Friday, August 16, 2013

Jesus says: Follow the sick and wounded

Matthew 4:18 As he walked by the Sea of Galilee, he saw two brothers, Simon, who is called Peter, and Andrew his brother, casting a net into the sea--for they were fishermen. 19  And he said to them, "Follow me, and I will make you fish for people." 20  Immediately they left their nets and followed him. 21  As he went from there, he saw two other brothers, James son of Zebedee and his brother John, in the boat with their father Zebedee, mending their nets, and he called them. 22  Immediately they left the boat and their father, and followed him. 23  Jesus went throughout Galilee, teaching in their synagogues and proclaiming the good news of the kingdom and curing every disease and every sickness among the people. 24  So his fame spread throughout all Syria, and they brought to him all the sick, those who were afflicted with various diseases and pains, demoniacs, epileptics, and paralytics, and he cured them. 25  And great crowds followed him from Galilee, the Decapolis, Jerusalem, Judea, and from beyond the Jordan.
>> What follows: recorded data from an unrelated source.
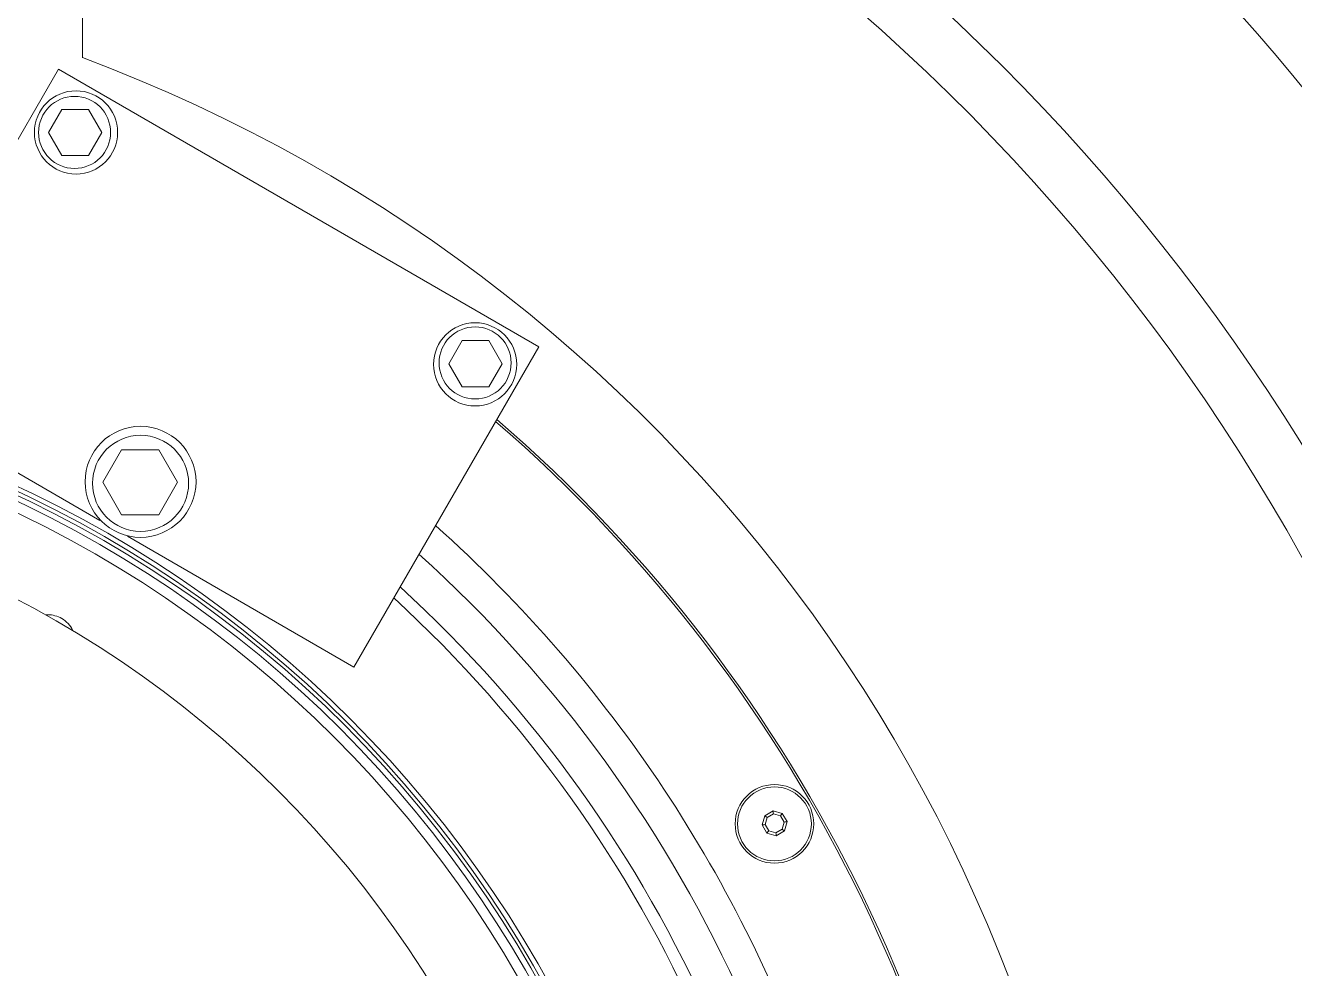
# Model space of a CAD drawing. Header units: millimetres. Extents: x -1838618 to -1600818, y -1770412 to -1553248.
# Drawn here: x -1792291 to -1792016.4, y -1685421.4 to -1685217.4 of the extents above; entities that cross this region are included whole.
import ezdxf

# ---------------------------------------------------------------- set-up
doc = ezdxf.new("R2010")
doc.units = ezdxf.units.MM
doc.header["$LTSCALE"] = 100
doc.layers.add('412equipment', color=6, linetype='Continuous')
doc.layers.add('_____1', color=160, linetype='Continuous')

# ---------------------------------------------------------------- blocks, each defined once
blk = doc.blocks.new('A$C2A4D0462')
at = {"layer": '_____1', "color": 7, "lineweight": 0}
for p, q in [((8, 21.421), (8, 24.339)), ((7.652, 21.254), (4.986, 16.636)), ((7.652, 21.254), (14.581, 17.254)), ((7.511, 20.344), (7.704, 20.677)), ((7.704, 20.677), (8.089, 20.677)), ((8.089, 20.677), (8.281, 20.344)), ((7.704, 20.01), (7.511, 20.344)), ((8.281, 20.344), (8.089, 20.01)), ((8.089, 20.01), (7.704, 20.01)), ((14.581, 17.254), (11.914, 12.636)), ((13.285, 17.01), (13.477, 17.344)), ((13.477, 17.344), (13.862, 17.344)), ((13.862, 17.344), (14.055, 17.01)), ((13.477, 16.677), (13.285, 17.01)), ((14.055, 17.01), (13.862, 16.677)), ((13.862, 16.677), (13.477, 16.677)), ((8.252, 14.75), (4.986, 16.636)), ((8.294, 15.3), (8.564, 15.766)), ((8.564, 15.766), (9.103, 15.766)), ((9.103, 15.766), (9.372, 15.3)), ((8.564, 14.833), (8.294, 15.3)), ((9.372, 15.3), (9.103, 14.833)), ((9.103, 14.833), (8.564, 14.833)), ((11.914, 12.636), (8.648, 14.521)), ((17.805, 10.36), (17.841, 10.493)), ((17.841, 10.493), (17.961, 10.562)), ((17.848, 10.365), (17.875, 10.467)), ((17.875, 10.467), (17.966, 10.519)), ((17.961, 10.562), (18.094, 10.526)), ((17.966, 10.519), (18.068, 10.492)), ((18.068, 10.492), (18.12, 10.401)), ((18.094, 10.526), (18.163, 10.407)), ((17.874, 10.24), (17.805, 10.36)), ((17.901, 10.274), (17.848, 10.365)), ((18.002, 10.247), (17.901, 10.274)), ((18.093, 10.3), (18.002, 10.247)), ((18.127, 10.273), (18.008, 10.204)), ((18.12, 10.401), (18.093, 10.3)), ((18.163, 10.407), (18.127, 10.273)), ((18.008, 10.204), (17.874, 10.24))]:
    blk.add_line(p, q, dxfattribs=at)
for points in [[(36.987, 8.547), (34.698, 18.454), (28.531, 27.027), (19.867, 32.348)], [(36.247, 8.817), (33.954, 18.244), (28.079, 26.407), (19.867, 31.574)], [(28.929, 4.5), (27.431, 14.13), (21.24, 22.383), (12.414, 26.515)], [(29.762, 4.5), (28.345, 13.872), (22.596, 22.029), (14.247, 26.515)], [(32.802, 4.5), (31.598, 13.278), (26.925, 21.208), (19.829, 26.514)], [(32.513, 10.176), (30.502, 16.602), (26.632, 22.287), (21.392, 26.514)], [(22.867, 0), (22.867, 9.544), (16.94, 18.083), (8, 21.422)], [(21.351, 0.834), (21.12, 6.752), (18.443, 12.308), (13.959, 16.177)], [(21.379, 0.938), (21.121, 6.83), (18.442, 12.355), (13.976, 16.206)], [(18.608, 6.367), (17.514, 9.565), (15.614, 12.426), (13.092, 14.676)], [(18.667, 0), (18.667, 5.248), (16.458, 10.254), (12.581, 13.791)], [(18.488, 0), (18.488, 5.184), (16.312, 10.13), (12.49, 13.632)], [(7.86, 13.165), (7.825, 13.237), (7.769, 13.297), (7.7, 13.337)], [(18.008, 10.204), (18.008, 10.216), (18.003, 10.233), (18.002, 10.247)]]:
    blk.add_open_spline(points, degree=3, dxfattribs=at)
for points, knots in [([(8.507, 20.344), (8.507, 20.675), (8.238, 20.944), (7.907, 20.944), (7.576, 20.944), (7.307, 20.675), (7.307, 20.344), (7.307, 20.013), (7.576, 19.744), (7.907, 19.744), (8.238, 19.744), (8.507, 20.013), (8.507, 20.344)], [0, 0, 0, 0, 1, 1, 1, 2, 2, 2, 3, 3, 3, 4, 4, 4, 4]), ([(8.406, 20.344), (8.406, 20.631), (8.173, 20.864), (7.886, 20.864), (7.599, 20.864), (7.366, 20.631), (7.366, 20.344), (7.366, 20.057), (7.599, 19.824), (7.886, 19.824), (8.173, 19.824), (8.406, 20.057), (8.406, 20.344)], [0, 0, 0, 0, 1, 1, 1, 2, 2, 2, 3, 3, 3, 4, 4, 4, 4]), ([(14.264, 17), (14.264, 17.331), (13.996, 17.6), (13.664, 17.6), (13.333, 17.6), (13.064, 17.331), (13.064, 17), (13.064, 16.668), (13.333, 16.4), (13.664, 16.4), (13.996, 16.4), (14.264, 16.668), (14.264, 17)], [0, 0, 0, 0, 1, 1, 1, 2, 2, 2, 3, 3, 3, 4, 4, 4, 4]), ([(14.184, 17.021), (14.184, 17.308), (13.951, 17.541), (13.664, 17.541), (13.377, 17.541), (13.144, 17.308), (13.144, 17.021), (13.144, 16.734), (13.377, 16.501), (13.664, 16.501), (13.951, 16.501), (14.184, 16.734), (14.184, 17.021)], [0, 0, 0, 0, 1, 1, 1, 2, 2, 2, 3, 3, 3, 4, 4, 4, 4]), ([(16.799, 0.003), (16.799, 9.269), (9.278, 16.79), (0.012, 16.79), (-9.255, 16.79), (-16.775, 9.269), (-16.775, 0.003), (-16.775, -9.264), (-9.255, -16.784), (0.012, -16.784), (9.278, -16.784), (16.799, -9.264), (16.799, 0.003)], [0, 0, 0, 0, 1, 1, 1, 2, 2, 2, 3, 3, 3, 4, 4, 4, 4]), ([(16.724, 0.003), (16.724, 9.24), (9.227, 16.736), (-0.009, 16.736), (-9.246, 16.736), (-16.742, 9.24), (-16.742, 0.003), (-16.742, -9.234), (-9.246, -16.73), (-0.009, -16.73), (9.227, -16.73), (16.724, -9.234), (16.724, 0.003)], [0, 0, 0, 0, 1, 1, 1, 2, 2, 2, 3, 3, 3, 4, 4, 4, 4]), ([(16.679, 0.003), (16.679, 9.203), (9.212, 16.67), (0.012, 16.67), (-9.188, 16.67), (-16.655, 9.203), (-16.655, 0.003), (-16.655, -9.197), (-9.188, -16.664), (0.012, -16.664), (9.212, -16.664), (16.679, -9.197), (16.679, 0.003)], [0, 0, 0, 0, 1, 1, 1, 2, 2, 2, 3, 3, 3, 4, 4, 4, 4]), ([(16.591, 0.003), (16.591, 9.166), (9.154, 16.603), (-0.009, 16.603), (-9.173, 16.603), (-16.609, 9.166), (-16.609, 0.003), (-16.609, -9.16), (-9.173, -16.597), (-0.009, -16.597), (9.154, -16.597), (16.591, -9.16), (16.591, 0.003)], [0, 0, 0, 0, 1, 1, 1, 2, 2, 2, 3, 3, 3, 4, 4, 4, 4]), ([(16.458, -0.018), (16.458, 9.071), (9.08, 16.449), (-0.009, 16.449), (-9.099, 16.449), (-16.476, 9.071), (-16.476, -0.018), (-16.476, -9.108), (-9.099, -16.485), (-0.009, -16.485), (9.08, -16.485), (16.458, -9.108), (16.458, -0.018)], [0, 0, 0, 0, 1, 1, 1, 2, 2, 2, 3, 3, 3, 4, 4, 4, 4]), ([(9.638, 15.307), (9.638, 15.748), (9.28, 16.107), (8.838, 16.107), (8.397, 16.107), (8.038, 15.748), (8.038, 15.307), (8.038, 14.865), (8.397, 14.506), (8.838, 14.506), (9.28, 14.506), (9.638, 14.865), (9.638, 15.307)], [0, 0, 0, 0, 1, 1, 1, 2, 2, 2, 3, 3, 3, 4, 4, 4, 4]), ([(9.531, 15.285), (9.531, 15.668), (9.221, 15.978), (8.838, 15.978), (8.456, 15.978), (8.145, 15.668), (8.145, 15.285), (8.145, 14.903), (8.456, 14.592), (8.838, 14.592), (9.221, 14.592), (9.531, 14.903), (9.531, 15.285)], [0, 0, 0, 0, 1, 1, 1, 2, 2, 2, 3, 3, 3, 4, 4, 4, 4]), ([(15.324, 0.003), (15.324, 8.467), (8.454, 15.336), (-0.009, 15.336), (-8.473, 15.336), (-15.343, 8.467), (-15.343, 0.003), (-15.343, -8.461), (-8.473, -15.33), (-0.009, -15.33), (8.454, -15.33), (15.324, -8.461), (15.324, 0.003)], [0, 0, 0, 0, 1, 1, 1, 2, 2, 2, 3, 3, 3, 4, 4, 4, 4]), ([(12.854, -14.263), (16.894, -10.622), (19.2, -5.439), (19.2, 0), (19.2, 5.438), (16.894, 10.622), (12.854, 14.263)], [0, 0, 0, 0, 1, 1, 1, 2, 2, 2, 2]), ([(7.7, 13.337), (7.639, 13.371), (7.57, 13.39), (7.5, 13.39), (7.491, 13.39), (7.482, 13.39), (7.473, 13.389)], [0, 0, 0, 0, 1, 1, 1, 2, 2, 2, 2]), ([(18.549, 10.375), (18.549, 10.687), (18.295, 10.942), (17.982, 10.942), (17.669, 10.942), (17.415, 10.687), (17.415, 10.375), (17.415, 10.062), (17.669, 9.808), (17.982, 9.808), (18.295, 9.808), (18.549, 10.062), (18.549, 10.375)], [0, 0, 0, 0, 1, 1, 1, 2, 2, 2, 3, 3, 3, 4, 4, 4, 4]), ([(18.515, 10.375), (18.515, 10.669), (18.276, 10.908), (17.982, 10.908), (17.688, 10.908), (17.449, 10.669), (17.449, 10.375), (17.449, 10.08), (17.688, 9.842), (17.982, 9.842), (18.276, 9.842), (18.515, 10.08), (18.515, 10.375)], [0, 0, 0, 0, 1, 1, 1, 2, 2, 2, 3, 3, 3, 4, 4, 4, 4]), ([(17.841, 10.493), (17.846, 10.488), (17.846, 10.49), (17.851, 10.484), (17.857, 10.483), (17.87, 10.471), (17.875, 10.467)], [0, 0, 0, 0, 1, 1, 1, 2, 2, 2, 2]), ([(17.961, 10.562), (17.961, 10.562), (17.961, 10.559), (17.961, 10.559), (17.961, 10.559), (17.962, 10.558), (17.962, 10.558), (17.962, 10.558), (17.962, 10.555), (17.962, 10.555), (17.962, 10.555), (17.963, 10.552), (17.963, 10.552), (17.963, 10.541), (17.966, 10.53), (17.966, 10.519)], [0, 0, 0, 0, 1, 1, 1, 2, 2, 2, 3, 3, 3, 4, 4, 4, 5, 5, 5, 5]), ([(18.068, 10.492), (18.075, 10.501), (18.079, 10.507), (18.087, 10.515), (18.087, 10.515), (18.088, 10.518), (18.088, 10.518), (18.088, 10.518), (18.09, 10.52), (18.09, 10.52), (18.09, 10.52), (18.091, 10.521), (18.091, 10.521), (18.091, 10.521), (18.092, 10.522), (18.092, 10.522), (18.092, 10.522), (18.092, 10.523), (18.092, 10.523), (18.092, 10.523), (18.093, 10.524), (18.093, 10.524), (18.093, 10.524), (18.093, 10.525), (18.093, 10.525), (18.093, 10.525), (18.094, 10.526), (18.094, 10.526)], [0, 0, 0, 0, 1, 1, 1, 2, 2, 2, 3, 3, 3, 4, 4, 4, 5, 5, 5, 6, 6, 6, 7, 7, 7, 8, 8, 8, 9, 9, 9, 9]), ([(17.805, 10.36), (17.805, 10.36), (17.808, 10.36), (17.808, 10.36), (17.808, 10.36), (17.809, 10.361), (17.809, 10.361), (17.809, 10.361), (17.813, 10.361), (17.813, 10.361), (17.813, 10.361), (17.815, 10.362), (17.815, 10.362), (17.826, 10.361), (17.837, 10.364), (17.848, 10.365)], [0, 0, 0, 0, 1, 1, 1, 2, 2, 2, 3, 3, 3, 4, 4, 4, 5, 5, 5, 5]), ([(17.874, 10.24), (17.874, 10.24), (17.875, 10.24), (17.875, 10.24), (17.875, 10.24), (17.875, 10.242), (17.875, 10.242), (17.875, 10.242), (17.876, 10.242), (17.876, 10.242), (17.876, 10.242), (17.876, 10.243), (17.876, 10.243), (17.876, 10.243), (17.877, 10.244), (17.877, 10.244), (17.877, 10.244), (17.878, 10.245), (17.878, 10.245), (17.878, 10.245), (17.878, 10.246), (17.878, 10.246), (17.878, 10.246), (17.88, 10.248), (17.88, 10.248), (17.88, 10.248), (17.882, 10.251), (17.882, 10.251), (17.882, 10.251), (17.884, 10.253), (17.884, 10.253), (17.89, 10.26), (17.895, 10.268), (17.901, 10.274)], [0, 0, 0, 0, 1, 1, 1, 2, 2, 2, 3, 3, 3, 4, 4, 4, 5, 5, 5, 6, 6, 6, 7, 7, 7, 8, 8, 8, 9, 9, 9, 10, 10, 10, 11, 11, 11, 11]), ([(18.127, 10.273), (18.127, 10.273), (18.127, 10.274), (18.127, 10.274), (18.127, 10.274), (18.126, 10.274), (18.126, 10.274), (18.126, 10.274), (18.125, 10.275), (18.125, 10.275), (18.125, 10.275), (18.124, 10.275), (18.124, 10.275), (18.124, 10.275), (18.122, 10.277), (18.122, 10.277), (18.122, 10.277), (18.121, 10.277), (18.121, 10.277), (18.121, 10.277), (18.119, 10.279), (18.119, 10.279), (18.119, 10.279), (18.117, 10.281), (18.117, 10.281), (18.109, 10.287), (18.101, 10.294), (18.093, 10.3)], [0, 0, 0, 0, 1, 1, 1, 2, 2, 2, 3, 3, 3, 4, 4, 4, 5, 5, 5, 6, 6, 6, 7, 7, 7, 8, 8, 8, 9, 9, 9, 9]), ([(18.163, 10.407), (18.163, 10.407), (18.162, 10.406), (18.162, 10.406), (18.162, 10.406), (18.159, 10.406), (18.159, 10.406), (18.159, 10.406), (18.158, 10.405), (18.158, 10.405), (18.158, 10.405), (18.153, 10.405), (18.153, 10.405), (18.144, 10.402), (18.13, 10.403), (18.12, 10.401)], [0, 0, 0, 0, 1, 1, 1, 2, 2, 2, 3, 3, 3, 4, 4, 4, 5, 5, 5, 5])]:
    blk.add_open_spline(points, degree=3, knots=knots, dxfattribs=at)
blk = doc.blocks.new('LOW PLATFOR')
at = {"layer": '412equipment', "linetype": 'Continuous', "lineweight": 0, "xscale": 15, "yscale": 15, "zscale": 15}
blk.add_blockref('A$C2A4D0462', (-26600.08, 0, 590), dxfattribs=at)

msp = doc.modelspace()

# ---------------------------------------------------------------- block references
at = {"layer": '412equipment', "color": 7}
msp.add_blockref('LOW PLATFOR', (-1765798.6, -1685545.74), dxfattribs=at)

doc.saveas('drawing.dxf')

Matthew links following Jesus with acts of compassion for the most marginalised people in society:   “he said to them, "Follow me ... and they brought to him all the sick.....”  The link is unmistakable – if we follow Jesus we will find ourselves amongst those who are most vulnerable: people “afflicted with various diseases and pains, demoniacs, epileptics, and paralytics”.

Today our news reminds us of such people: In Egypt there countless families mourning peaceful political protesters who have been shot by the military; closer to home we in South Africa mourn the protesters who were shot by the police exactly a year ago at the Lonmin mine in Maricana. Both contexts arose from groups of people whose marginalisation from society led them to believe that public protest was their only recourse. And I suspect that the voice of Jesus can be heard echoing through the mists of time “Follow me to those who are wounded, and those who have died, and to those who are mourning”.  Our challenge is both to bring comfort to those who are hurting, and to address the causes of social exclusion.     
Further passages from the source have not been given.